In theory, Chávez has three options: first, to muddle through, much as his predecessors during the puntofijista period did, hoping to prolong the plebiscitary legitimacy of his rule; second, to radicalize his "revolution", intensifying political repression and military control; and finally to go against the structural grain of rentier economics and the petro-state. The last option is, I think, out of the question, for it would require telling the truth to a people that are not willing to hear it, and particularly not from somebody like Chávez, who came to power to fulfill a dream. On the contrary, Chávez wants control, and the rentier economy, that concentrates economic power in the state, gives him a great deal of political leverage. In the economic field, muddling through will be tried, until the inevitable erosion of Chávez's popularity _already much in evidence in late 200_ and the enduring crisis open the way for more momentous decisions in a "revolutionary" direction.

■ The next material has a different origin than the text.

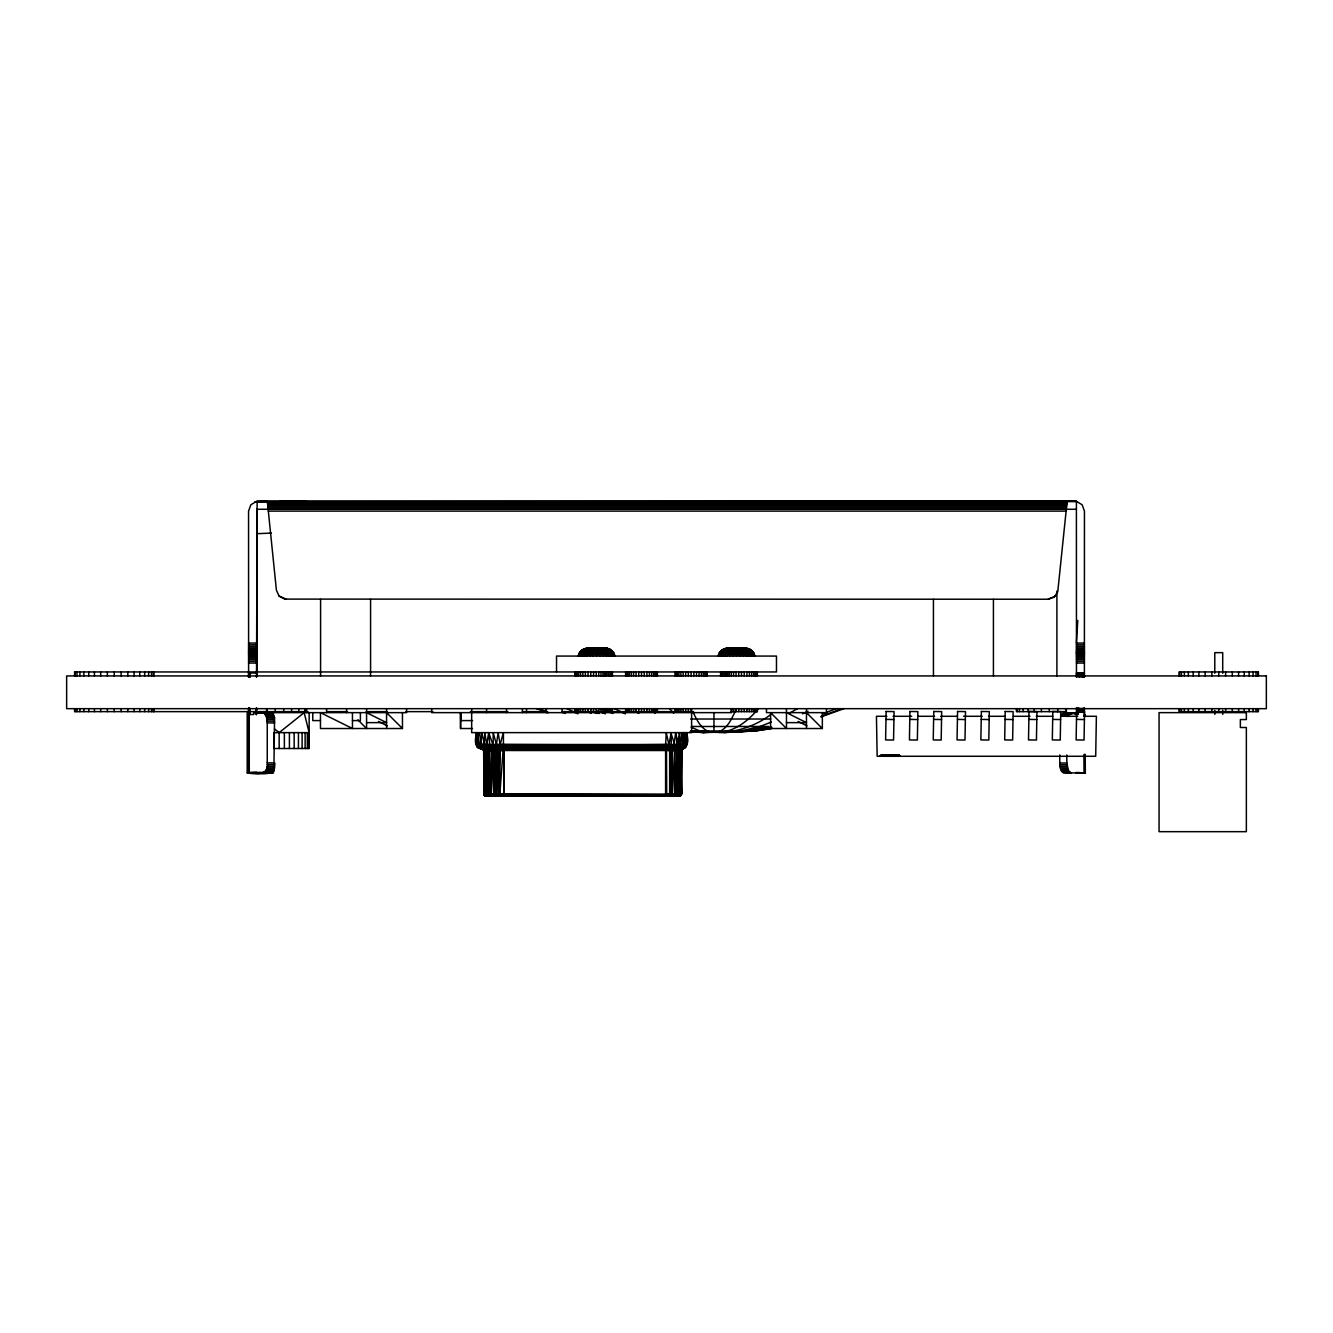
<?xml version="1.0" encoding="UTF-8"?>
<svg xmlns="http://www.w3.org/2000/svg" width="1333" height="1333" viewBox="0 0 1333 1333"><rect width="100%" height="100%" fill="white"/><g stroke="black" fill="none" stroke-linecap="round" stroke-linejoin="round"><path stroke-width="1.5" d="M248.604 708.673L248.555 772.89C258.152 772.823 276.697 778.289 274.565 762.893L267.25 762.893C269.383 775.373 255.853 774.373 247.205 772.89L247.205 712.905L248.604 712.905M685.829 742.598L686.062 732.633L686.478 745.214L681.496 750.512L681.496 794.118L679.497 796.118L485.745 796.118L483.862 794.801L483.762 750.512C482.796 746.697 491.36 748.646 491.61 750.512L493.76 794.118L495.076 796.118L486.145 794.118L486.112 750.512C485.895 747.813 480.98 748.096 484.312 750.512L484.546 777.506M476.514 732.633C473.715 746.163 476.281 746.33 484.112 750.512L484.546 794.118L490.594 796.118L488.378 794.118L488.378 750.512L491.26 749.229L485.345 748.979L483.879 750.512L483.746 794.118L485.912 796.118L483.929 794.118L483.879 750.512C483.163 746.747 477.481 749.846 476.647 745.88L476.514 732.633L477.347 745.214L480.413 748.513M670.532 750.512L666.217 749.879L678.647 749.896L685.762 746.93L686.528 732.633L686.062 744.597C683.529 752.429 672.382 744.797 669.666 750.512L669.649 794.118L668.366 796.118M671.265 748.513C677.781 746.213 670.932 736.699 671.215 732.633L671.215 744.514C674.298 749.363 661.968 748.763 666.983 748.463C671.215 747.73 685.612 749.063 684.146 744.564L682.496 732.633L679.48 747.496L666.483 748.796L666.217 749.879L681.063 749.096L685.362 747.413L686.478 745.214L683.129 744.547L682.496 732.633C681.213 736.549 685.179 748.746 677.414 748.513L685.362 747.413L681.38 750.512L681.23 794.801L678.63 796.118L681.38 794.801L680.963 750.512C687.062 744.78 669.083 744.331 666.183 745.147L476.481 745.214L485.229 747.58L498.275 748.513L672.532 748.08L680.013 747.48L685.779 744.58C686.078 747.463 682.146 747.646 680.496 750.512L680.58 794.118L679.613 795.851L677.631 796.118L681.496 794.118L681.296 749.896L686.012 746.397L686.212 744.597M484.745 795.851L666.55 795.118L673.132 796.118L674.715 794.118L674.781 750.512L675.431 748.896L677.98 748.413L665.6 749.513L503.774 749.896L499.575 748.979L491.61 750.512L482.346 748.513L490.077 750.512L489.294 748.779L484.795 748.629M665.067 748.513L677.364 744.514L679.663 745.197C679.73 749.912 672.665 746.463 672.382 750.512L672.332 794.118L677.947 796.118L679.847 794.118L679.897 750.512L682.829 748.163M488.378 794.118L489.394 750.512L498.992 748.513L499.892 750.512L499.758 794.118L503.774 795.401L681.38 794.801L680.496 795.851L679.497 796.118L680.796 794.118L680.963 750.512L677.914 748.513L683.229 747.43L686.395 745.214L686.528 732.633C690.777 748.563 683.362 747.88 672.382 750.512L670.966 794.118L676.681 796.118L678.497 794.118L679.897 750.512L682.329 748.896M681.046 794.118L681.596 749.613L666.483 748.796L668.683 746.33L671.215 732.633M681.53 748.529L679.313 748.896L678.564 750.512L678.497 794.118L680.363 795.851L679.263 796.118L681.363 794.118L681.596 749.613M476.947 746.513L666.067 746.43L674.065 744.514L675.681 732.633L677.364 744.514L684.629 747.413L681.879 749.346L680.113 748.529L682.663 746.963L682.496 744.547L677.697 746.48L668.933 744.514L666.2 732.633C665.834 753.412 662.168 746.63 679.28 748.413L496.792 748.513L497.842 750.512L486.378 748.513L488.095 750.512L481.763 748.513L484.712 750.512L493.26 748.629L665.6 748.629C679.547 748.646 691.377 752.578 686.062 732.633M248.555 673.048L256.786 673.032L257.102 675.931L257.102 501.325L1076.398 501.325L1082.163 504.79L1084.445 511.122L1084.395 677.197L1084.246 673.048M248.821 714.521L248.555 772.89L248.488 712.905L248.604 772.89L272.615 772.89L273.865 771.707L274.565 717.904L272.615 712.905L274.565 717.904M257.102 509.273L256.519 677.197L257.069 672.032L257.102 675.931L256.936 672.848M503.424 750.512L503.191 748.646L483.646 749.829L484.046 794.801L485.995 796.118L483.879 794.118L484.112 750.512M681.363 794.118L681.296 749.896L666.317 749.296L673.798 750.512C674.115 747.196 685.012 747.496 679.463 744.53L676.431 748.43L665.6 748.979M489.394 750.512L489.044 794.801L497.759 796.118L496.626 794.118L496.892 750.512C497.109 747.113 486.178 747.663 489.394 750.512L491.277 794.801L492.677 796.118L484.546 794.118L484.862 750.512L483.896 748.779L489.311 749.829M677.314 794.118L670.232 796.118L679.513 794.118L678.58 795.851L676.281 796.118L680.946 794.118L681.046 750.512L680.247 795.851M256.286 708.423L256.253 714.521L256.536 708.673M484.012 794.118L484.312 750.512L481.846 748.513L503.491 746.413L668.483 746.863C670.916 748.513 688.245 745.147 679.03 744.514L683.512 748.163L680.713 748.396L682.946 748.396M491.61 750.512L491.244 794.118L503.774 796.118L503.774 748.979L666.383 748.979C687.511 750.912 680.98 744.864 665.417 748.313L666.983 748.463M484.146 794.801L488.844 796.118L487.078 794.118L487.528 750.512L486.645 748.779M503.774 796.118L495.643 796.118L494.36 794.118L487.745 796.118L485.879 794.118L484.479 795.401L487.478 796.118L485.595 794.118L486.112 750.512L503.291 748.979L493.743 748.513L503.407 749.896L500.908 750.512L500.075 748.513M472.549 728.518L460.551 728.518L460.668 712.638M503.774 795.401L503.774 748.646L494.76 750.512L493.76 794.118L493.26 748.629M679.28 748.413L676.847 750.512L674.715 794.118L678.847 796.118L679.813 795.851L677.597 794.118L678.564 750.512L680.946 749.896M679.847 794.118L680.846 750.512L681.496 794.118L483.746 794.118M669.349 795.401L500.675 796.118L498.742 794.118L499.892 750.512M882.296 756.278L882.346 754.845L879.963 756.278L881.696 754.845L881.296 756.278L883.229 754.845L883.529 756.278L885.562 754.845L886.545 756.278L888.428 754.845L889.961 756.278L891.494 754.845L893.377 756.278L894.36 754.845L898.625 756.278L898.225 754.845L899.808 756.278L898.759 754.845L899.958 756.278L897.576 754.845L897.626 756.278L895.609 754.845L894.96 756.278L892.977 754.845L891.694 756.278L889.961 754.845L888.228 756.278L886.962 754.845L882.296 756.278L883.229 754.845M487.078 794.118L488.378 750.512M672.449 749.896L670.966 750.512L669.649 794.118L665.6 794.118M1078.43 711.939L1078.547 707.84M486.145 794.118L487.528 750.512M270.666 772.89L273.165 770.541L274.565 762.893M679.03 744.514L679.463 732.633L677.181 745.863L674.298 748.513L682.263 747.446L686.528 744.597M578.022 656.069L581.505 650.371L587.803 648.138L608.564 648.721L612.747 651.554L613.896 656.069M717.987 656.069L720.253 651.554L724.436 648.721L745.197 648.138L751.495 650.371L753.462 652.92L753.861 656.069M680.496 795.851L496.692 794.801L494.76 794.118L496.892 750.512L503.257 749.613C500.525 745.13 482.529 752.862 476.881 745.88L477.347 745.214M496.626 794.118L498.742 750.512L498.742 794.118M685.679 744.58L684.712 732.633L683.946 745.83L679.38 750.512C676.781 749.013 669.266 746.447 668.45 750.512M593.302 656.069C590.736 642.406 606.298 650.687 612.114 654.453L612.53 656.069C603.516 648.804 584.704 643.123 578.305 656.069M666.2 794.118L665.75 796.051L498.375 796.118L497.292 794.118L489.194 796.118L487.445 794.118L485.195 795.401L485.745 796.118M733.267 656.069C730.701 642.406 746.263 650.687 752.079 654.453L752.495 656.069C743.481 648.804 724.669 643.123 718.27 656.069M478.38 744.514L479.08 732.633C474.348 755.528 490.127 747.213 503.424 745.214L503.424 732.633L500.125 744.514L501.575 748.513L487.778 747.58L478.447 745.214L477.397 744.514L477.381 732.633C478.78 736.866 475.281 749.213 483.529 748.513M1077.78 620.378L1076.398 643.056L1084.445 643.056M680.946 794.118L680.496 750.512C677.014 746.58 668.066 750.012 666.05 746.513C666.083 740.665 677.631 751.245 678.114 744.514L476.414 744.514M477.347 747.08L665.983 746.863C677.947 752.212 678.114 742.731 675.681 732.633M674.715 794.118L677.597 750.512L678.647 749.896M679.163 748.529L683.229 747.43L684.379 744.564L683.129 744.547L685.679 746.93L684.712 732.633M678.514 748.213L684.362 748.146L685.779 744.58M682.796 748.546L674.781 750.512L672.249 794.801L670.882 796.118L665.6 796.118L666.7 794.118L666.5 749.829L667.3 748.513L670.549 748.613M590.186 656.069L591.385 650.371L593.535 648.138M730.151 656.069L731.35 650.371L733.5 648.138M1076.464 677.197L1076.398 501.325L257.102 501.791M1067.133 501.325L1057.752 591.852L1054.17 597.167L1048.105 599.233L284.729 599.1L279.064 596.084L276.414 590.252L267.333 501.325M671.265 750.512C671.332 746.68 676.847 750.046 677.697 746.48M579.139 656.069L579.538 652.92L581.738 650.371L589.852 648.138L586.087 651.554L584.637 656.069L581.588 652.92L581.738 650.371L587.936 648.138L583.121 649.421L579.272 652.92L613.763 652.92L615.013 656.069M719.104 656.069L719.503 652.92L721.703 650.371L729.817 648.138L726.052 651.554L724.602 656.069L721.553 652.92L721.703 650.371L727.901 648.138L723.086 649.421L719.237 652.92L753.728 652.92L754.978 656.069M266.6 708.673L266.6 711.639L266.95 708.673M671.632 794.118L670.932 795.851L667.633 796.118L676.248 794.118L674.581 796.118L677.181 795.851L678.064 794.118M503.991 748.513L503.541 746.93L485.679 747.98L481.563 732.633L479.897 744.514L503.991 748.513L487.411 747.08L479.13 744.514L477.164 746.513C483.029 751.729 474.615 744.564 484.096 744.514L484.795 732.633L486.912 745.88L489.628 748.513L503.607 747.463L676.997 747.546L684.379 744.564M498.275 748.513L496.426 744.514L498.125 732.633L500.125 744.514L503.424 745.147L503.541 746.93L489.694 744.514L488.694 732.633L494.06 747.98L503.757 748.18L481.58 744.514C471.732 748.546 485.812 746.413 486.262 750.512M888.228 756.278L888.428 754.845M605.232 648.138L608.564 648.721L612.514 651.554L610.681 656.069C604.082 652.354 587.853 641.406 587.27 656.069L583.304 652.92L582.404 650.371L587.803 648.138M745.197 648.138L748.529 648.721L752.479 651.554L750.646 656.069C744.047 652.354 727.818 641.406 727.235 656.069L723.269 652.92L722.369 650.371L727.768 648.138M486.745 744.514L488.694 732.633M677.88 750.512L682.379 745.197L665.734 747.746L478.414 747.98M679.03 747.896C682.429 749.679 682.113 744.897 684.329 745.197L686.095 746.397M266.6 711.639L267.283 708.673M587.936 648.138L584.654 648.721L580.521 651.554L582.354 656.069L585.02 650.371L588.969 648.138L581.738 650.371L579.538 652.92M727.901 648.138L724.619 648.721L720.486 651.554L722.319 656.069L724.985 650.371L728.934 648.138L721.703 650.371L719.503 652.92M684.545 746.413L685.729 745.214M605.099 648.138L611.297 650.371L611.447 652.92L608.398 656.069C600.233 651.57 585.804 642.373 579.605 654.453C589.203 646.422 603.832 646.422 613.43 654.453L609.914 649.421L605.099 648.138L610.114 649.421L613.763 652.92C607.048 643.606 595.218 650.537 587.52 654.453L583.521 650.371L588.336 648.138L583.521 650.371L580.505 656.069C589.519 648.804 608.331 643.123 614.73 656.069M753.462 652.92L749.879 649.421L745.064 648.138L750.079 649.421L753.728 652.92C746.263 644.339 735.416 650.087 727.485 654.453L723.486 650.371L728.301 648.138L723.486 650.371L720.47 656.069C729.484 648.804 748.296 643.123 754.695 656.069M886.545 756.278L886.962 754.845M272.615 772.89L274.565 767.891M884.962 756.278L885.562 754.845M1060.718 716.554L1063.934 712.738L1078.364 713.988M1067.783 716.554L1070.999 712.738L1078.08 713.971M1016.796 501.391L1040.207 501.408C1034.058 501.958 1044.839 500.925 1038.174 501.875L1041.723 501.325L1015.846 501.325M735.683 710.406C731.434 719.17 726.668 730.767 715.838 732.484M613.497 652.92C608.964 646.155 601.899 648.954 596.518 652.92L588.553 648.288L586.087 648.721L593.385 654.453M883.529 756.278L884.312 754.845M682.513 747.846L684.745 746.413L666.133 745.714M881.296 756.278L882.346 754.845M668.25 795.851C662.301 795.818 669.399 797.201 668.866 794.118L666.15 794.801L666.183 750.512L669.916 749.346M880.563 756.278L881.696 754.845M1084.395 715.771L1085.345 715.471L1084.246 715.088M880.113 756.278L881.296 754.845M1061.784 715.288L1063.934 712.738L1071.799 714.088M666.7 794.118L666.55 795.118L675.081 796.118L676.681 794.801L677.597 750.512L677.597 794.118M680.563 745.197L682.479 744.547M487.411 749.829L484.862 750.512L485.595 794.118M758.41 708.673C748.113 720.92 734.366 732.05 717.654 732.484M256.852 665.9L256.852 653.403M578.789 654.453L585.02 650.371L595.001 648.138M718.754 654.453C726.052 642.873 739.682 651.054 748.363 656.069L751.412 652.92L751.262 650.371L745.064 648.138M477.397 744.514L476.647 745.88L478.214 747.08L489.628 748.513M279.164 748.513L279.164 732.633L304.157 712.638L309.156 732.633L273.948 732.633L273.948 748.513L309.156 748.513L309.156 712.638M1064.684 712.738L1061.218 715.338L1068.3 715.338L1071.749 712.738L1077.014 713.772M605.515 654.453L609.514 650.371L608.381 648.721L604.699 648.138L610.631 650.371L609.731 652.92L605.765 656.069C605.182 641.406 588.953 652.354 582.354 656.069M750.646 656.069C751.879 649.738 735.699 644.705 750.596 650.371L749.696 652.92L745.73 656.069L745.48 654.453L749.479 650.371L748.346 648.721L744.664 648.138L749.879 649.421L753.395 654.453C743.797 646.422 729.168 646.422 719.57 654.453L724.985 650.371L734.966 648.138M770.957 714.421C756.178 725.635 737.899 731.967 719.37 732.484M676.997 747.546L503.624 747.58L488.728 744.514L479.247 747.98L493.177 744.514L503.491 746.513L503.791 748.263L501.325 748.446M488.578 794.118L485.695 795.851L491.494 794.118L493.177 796.118L503.424 794.118M748.363 656.069L746.13 650.371L743.164 648.288L730.317 654.453L724.985 650.371L725.152 648.721L728.301 648.138M580.921 654.453C590.552 647.405 605.165 645.455 614.246 654.453M720.886 654.453C730.517 647.405 745.13 645.455 754.211 654.453M722.319 656.069C730.334 651.404 746.48 641.889 752.079 654.453M602.849 656.069L602.416 652.92L606.932 649.421L604.699 648.138M742.814 656.069L742.381 652.92L746.897 649.421L744.664 648.138M264.567 772.39L248.604 772.357M672.132 748.313L678.13 747.913M671.332 749.896L676.014 750.512L676.931 748.729L679.547 747.896M297.975 501.391L306.023 501.325L280.33 501.325L304.507 501.408L282.313 501.575L298.292 501.325M584.637 656.069L587.52 654.453M724.602 656.069L727.485 654.453M789.086 713.372L797.501 708.673M476.647 745.88L666.117 745.88L676.564 747.946L684.329 745.197M669.016 748.513L674.265 748.313L678.064 745.197L675.664 744.514L665.983 746.863M503.774 748.979L665.6 749.513L678.297 748.546M592.169 648.138L589.836 648.288L599.517 652.92C606.132 647.871 606.682 645.555 612.114 654.453M732.134 648.138L729.801 648.288L739.482 652.92L745.714 648.721L743.164 648.288M1076.398 501.475L256.603 501.325L250.837 504.79L248.555 511.122L248.604 677.197L248.904 673.048M610.681 656.069L608.948 651.554L605.749 648.721L603.199 648.288L590.352 654.453L585.02 650.371L585.187 648.721L588.336 648.138M678.597 746.463L681.513 747.863L685.029 746.947L680.613 744.53L679.463 732.633M802.499 713.838L808.015 711.255M668.933 744.514L503.457 745.897L666.067 746.43L676.014 746.33L681.146 744.53M1048.105 599.233L1055.386 596.084M489.411 794.118L491.027 796.118L499.059 794.118M680.713 748.396L680.297 748.18M670.516 794.118L666.05 795.401L503.307 795.584M771.39 722.003L759.96 726.485L740.531 730.984L720.92 732.484M676.298 745.214L679.663 745.197M822.578 713.838L836.074 708.673M821.178 716.254L841.939 708.673M820.911 716.954L843.922 708.673M1040.69 501.408L1036.008 501.875L1041.723 501.325M680.713 749.613L681.296 749.896M684.279 748.146L682.879 748.613M668.899 745.147L674.031 745.147M305.157 501.408L303.524 501.991L306.023 501.325M667.416 748.629L665.6 748.629L665.6 795.751L669.016 795.851L665.6 795.301M669.283 748.613L666.483 748.796M281.096 501.391L280.163 501.325L283.229 501.991L280.163 501.325M683.696 748.396L682.579 748.613M496.642 749.229L502.908 748.546M482.179 748.513L500.142 745.214L503.424 745.214L503.491 746.413L500.208 745.88L503.424 744.514L666.183 745.147L677.381 747.047M254.953 501.808L267.35 501.458M492.977 745.214L480.513 748.446L498.142 744.514L503.424 744.514M486.428 750.162L487.995 749.829M670.949 748.513L665.45 748.263L683.946 746.413M681.663 748.396L683.013 748.163M771.907 727.168L749.763 730.984L723.336 732.484M771.074 728.085L752.812 730.984L724.136 732.484M822.344 712.638L822.344 728.518L770.591 728.518L754.678 730.984L724.619 732.484M703.124 732.484L755.311 730.984L771.424 728.584M499.059 750.512L490.977 748.513L494.376 748.779L495.01 750.512L482.763 748.779M679.313 748.896L682.346 748.529M589.852 648.138L588.553 648.288L590.919 648.138M729.817 648.138L726.068 649.421L733.35 654.453M496.826 749.829L503.074 750.512L499.808 794.801M680.097 748.546L681.43 748.396L676.947 746.497L673.532 746.863M588.969 648.138L587.286 648.721L593.518 652.92M728.934 648.138L727.251 648.721L733.483 652.92M666.65 749.229L670.199 748.896L667.1 748.979M665.584 748.063L492.26 748.513L483.512 747.98L476.881 745.88M665.8 747.563L668.25 747.346M665.634 747.963L667.983 747.746M671.532 749.346L677.314 750.512M665.45 748.263L675.098 748.546L478.63 747.98L484.829 744.514L503.707 747.98L477.847 747.58M690.844 731.434L694.693 731.134L690.644 731.434M668.683 746.33L666.05 746.513L676.064 748.246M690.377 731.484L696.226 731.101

To sum up: I believe that Venezuelan society has experienced over the last few years what Karl Deutsch would call a process of "pathological" political learning. Let us understand here the term "political learning" as a process of cognitive change "through which people modify their political beliefs and tactics as a result of severe crises, frustrations, and dramatic changes in the environment" (Bermeo 1992, 274). This process of societal learning can assume several forms _creative, pathological, or merely viable. In the first case, the society's learning process increases its ranges of possible intake of information from the outside world. If the learning process is pathological, it reduces the society's subsequent capacity to learn, to adapt itself to new circumstances and overcome new challenges. Finally, if the learning process is merely viable it neither adds nor detracts from the society's subsequent capacities for learning and self-steering (Deutsch 1963, 169). What Venezuelan society has done is to encapsulate itself in the old certainties, turning its back from a changing world.